Le minimalisme se définit souvent par sa capacité à provoquer. Ce n'est pas seulement ce qui est visible, mais aussi ce que le spectateur imagine autour de l'œuvre. En réalité, c'est le regard du spectateur qui façonne la profondeur de l'œuvre, plutôt que l'artiste lui-même.
La bonne lettre, de Celia Rico Clavellino, illustre parfaitement cette tendance minimaliste. La réalisatrice a développé ce style tout au long de ses œuvres précédentes, telles que Voyage au quatrième d'une mère et Les petits amours. Dans ces films, le silence profond qui entoure les conversations entre une mère et sa fille est primordial.
Ce silence est souvent plus éloquent que les mots. Il représente les deudas et les blessures non dites, créant une atmosphère d'intimité et de tension. Dans son dernier film, la réalisatrice s'aventure encore plus loin en explorant le mutisme et ses implications universelles.
La troisième œuvre de la réalisatrice vise à capturer l'écho d'un silence immense.
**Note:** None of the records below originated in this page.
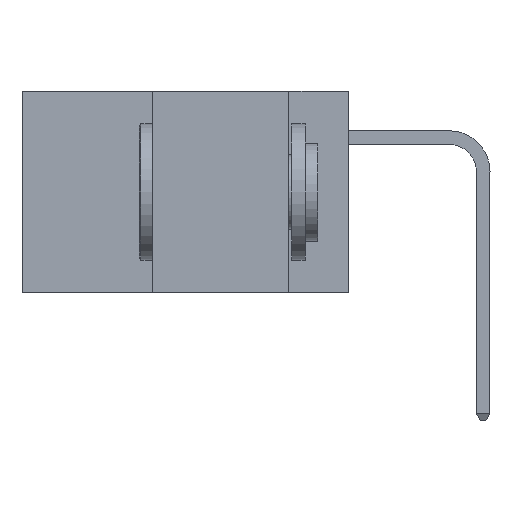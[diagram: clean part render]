
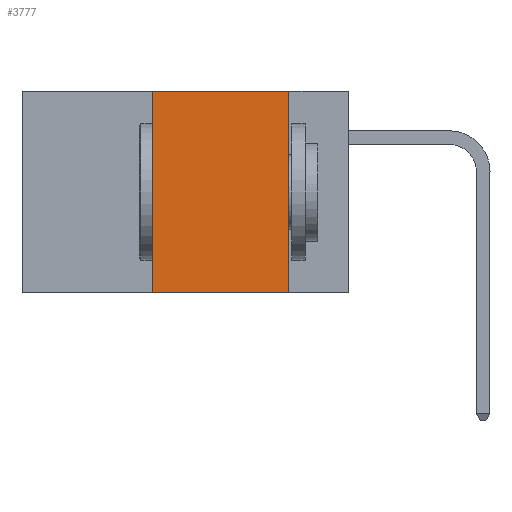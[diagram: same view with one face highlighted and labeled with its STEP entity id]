
A CAD part, left-side view. The second image highlights one B-rep face of the part: STEP entity #3777.
In plain terms, the highlighted planar face has unit normal (-1, 0, 0).
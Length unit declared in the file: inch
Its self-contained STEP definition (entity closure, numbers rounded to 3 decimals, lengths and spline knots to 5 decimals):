
#197 = EDGE_CURVE ( 'NONE', #735, #28750, #1890, .T. ) ;
#735 = VERTEX_POINT ( 'NONE', #12237 ) ;
#1890 = LINE ( 'NONE', #27006, #19998 ) ;
#2214 = EDGE_CURVE ( 'NONE', #28750, #28274, #8538, .T. ) ;
#2441 = DIRECTION ( 'NONE',  ( 0., -1., 0. ) ) ;
#3295 = CARTESIAN_POINT ( 'NONE',  ( 0., 0.6, 0. ) ) ;
#3372 = ORIENTED_EDGE ( 'NONE', *, *, #2214, .F. ) ;
#3777 = ADVANCED_FACE ( 'NONE', ( #20505 ), #13712, .F. ) ;
#7495 = ORIENTED_EDGE ( 'NONE', *, *, #8272, .F. ) ;
#7989 = CARTESIAN_POINT ( 'NONE',  ( 0., 0.11, -0.37 ) ) ;
#8272 = EDGE_CURVE ( 'NONE', #28274, #11695, #23577, .T. ) ;
#8538 = LINE ( 'NONE', #3295, #19517 ) ;
#11484 = DIRECTION ( 'NONE',  ( 0., 0., -1. ) ) ;
#11695 = VERTEX_POINT ( 'NONE', #7989 ) ;
#12237 = CARTESIAN_POINT ( 'NONE',  ( 0., 0.36, -0.37 ) ) ;
#12515 = DIRECTION ( 'NONE',  ( 0., 0., 1. ) ) ;
#13351 = DIRECTION ( 'NONE',  ( 0., 0., -1. ) ) ;
#13712 = PLANE ( 'NONE',  #17599 ) ;
#14314 = CARTESIAN_POINT ( 'NONE',  ( 0., 0.6, -0.37 ) ) ;
#14595 = EDGE_CURVE ( 'NONE', #735, #11695, #26275, .T. ) ;
#17416 = ORIENTED_EDGE ( 'NONE', *, *, #197, .F. ) ;
#17599 = AXIS2_PLACEMENT_3D ( 'NONE', #23111, #25447, #11484 ) ;
#19517 = VECTOR ( 'NONE', #22160, 39.37008 ) ;
#19998 = VECTOR ( 'NONE', #12515, 39.37008 ) ;
#20027 = VECTOR ( 'NONE', #2441, 39.37008 ) ;
#20250 = CARTESIAN_POINT ( 'NONE',  ( 0., 0.11, 0. ) ) ;
#20505 = FACE_OUTER_BOUND ( 'NONE', #21269, .T. ) ;
#21269 = EDGE_LOOP ( 'NONE', ( #7495, #3372, #17416, #25127 ) ) ;
#22160 = DIRECTION ( 'NONE',  ( 0., -1., 0. ) ) ;
#22835 = VECTOR ( 'NONE', #13351, 39.37008 ) ;
#22944 = CARTESIAN_POINT ( 'NONE',  ( 0., 0.11, 0. ) ) ;
#23111 = CARTESIAN_POINT ( 'NONE',  ( 0., 0.6, 0. ) ) ;
#23577 = LINE ( 'NONE', #20250, #22835 ) ;
#25127 = ORIENTED_EDGE ( 'NONE', *, *, #14595, .T. ) ;
#25447 = DIRECTION ( 'NONE',  ( 1., 0., 0. ) ) ;
#26275 = LINE ( 'NONE', #14314, #20027 ) ;
#27006 = CARTESIAN_POINT ( 'NONE',  ( 0., 0.36, 0. ) ) ;
#28274 = VERTEX_POINT ( 'NONE', #22944 ) ;
#28750 = VERTEX_POINT ( 'NONE', #29700 ) ;
#29700 = CARTESIAN_POINT ( 'NONE',  ( 0., 0.36, 0. ) ) ;

Ce silence fait référence à une génération entière de femmes ayant vécu la posguerre et le régime franquiste. Rico Clavellino reste fidèle à son approche, permettant au spectateur de reconstituer les éléments laissés sur l'écran.
Le film invite le public à compléter ce qu'il voit avec des fragments de sa propre mémoire. Cette mémoire, bien que brouillée, est présente dans les corps des femmes d'aujourd'hui. La narration s'ancre dans le roman de Rafael Chirbes, se déroulant dans un village valencien après la Guerre Civile.
Dans ce contexte, le personnage incarné par Loreto Mauleón s'efforce de créer une normalité face à l'horreur. Elle devient le centre invisible qui soutient tout en sacrifiant et en se taisant. Son mari, joué par Roger Casamajor, subit l'humiliation pour survivre, tandis que son beau-frère, Enriq Auquer, choisit de fuir cette humiliation.
Chacun des personnages a perdu quelque chose et, en silence, ils communiquent leur souffrance. Le temps passe, et le fugitif revient avec une femme, apprenant une nouvelle façon de survivre en servant le vainqueur, ce qui crée une tension palpable.
Celia Rico Clavellino construit son film avec une attention minutieuse aux détails. La protagoniste s'active dans l'ombre, accomplissant des tâches quotidiennes. Pendant ce temps, l'action principale, souvent dominée par les hommes, se déplace sans but apparent. C'est dans ce second plan que le personnage de Mauleón s'affirme, révélant la force du minimalisme.
Cependant, le film présente parfois des moments où il s'éloigne de son propre rigueur minimaliste. La narration prend alors une place excessive, rendant le récit erratique. Malgré cela, le film reste une proposition audacieuse et intime, défiant l'oubli et marquant les esprits.
En somme, La bonne lettre est un film qui transcende le minimalisme en tant que style. Il évoque des thèmes profonds et universels, tout en restant ancré dans une réalité poignante. Ce film, à la fois silencieux et puissant, défie les conventions et rappelle l'importance de la mémoire collective. En effet, le minimalisme ne se résume pas à une question de taille, mais à la profondeur des émotions qu'il évoque.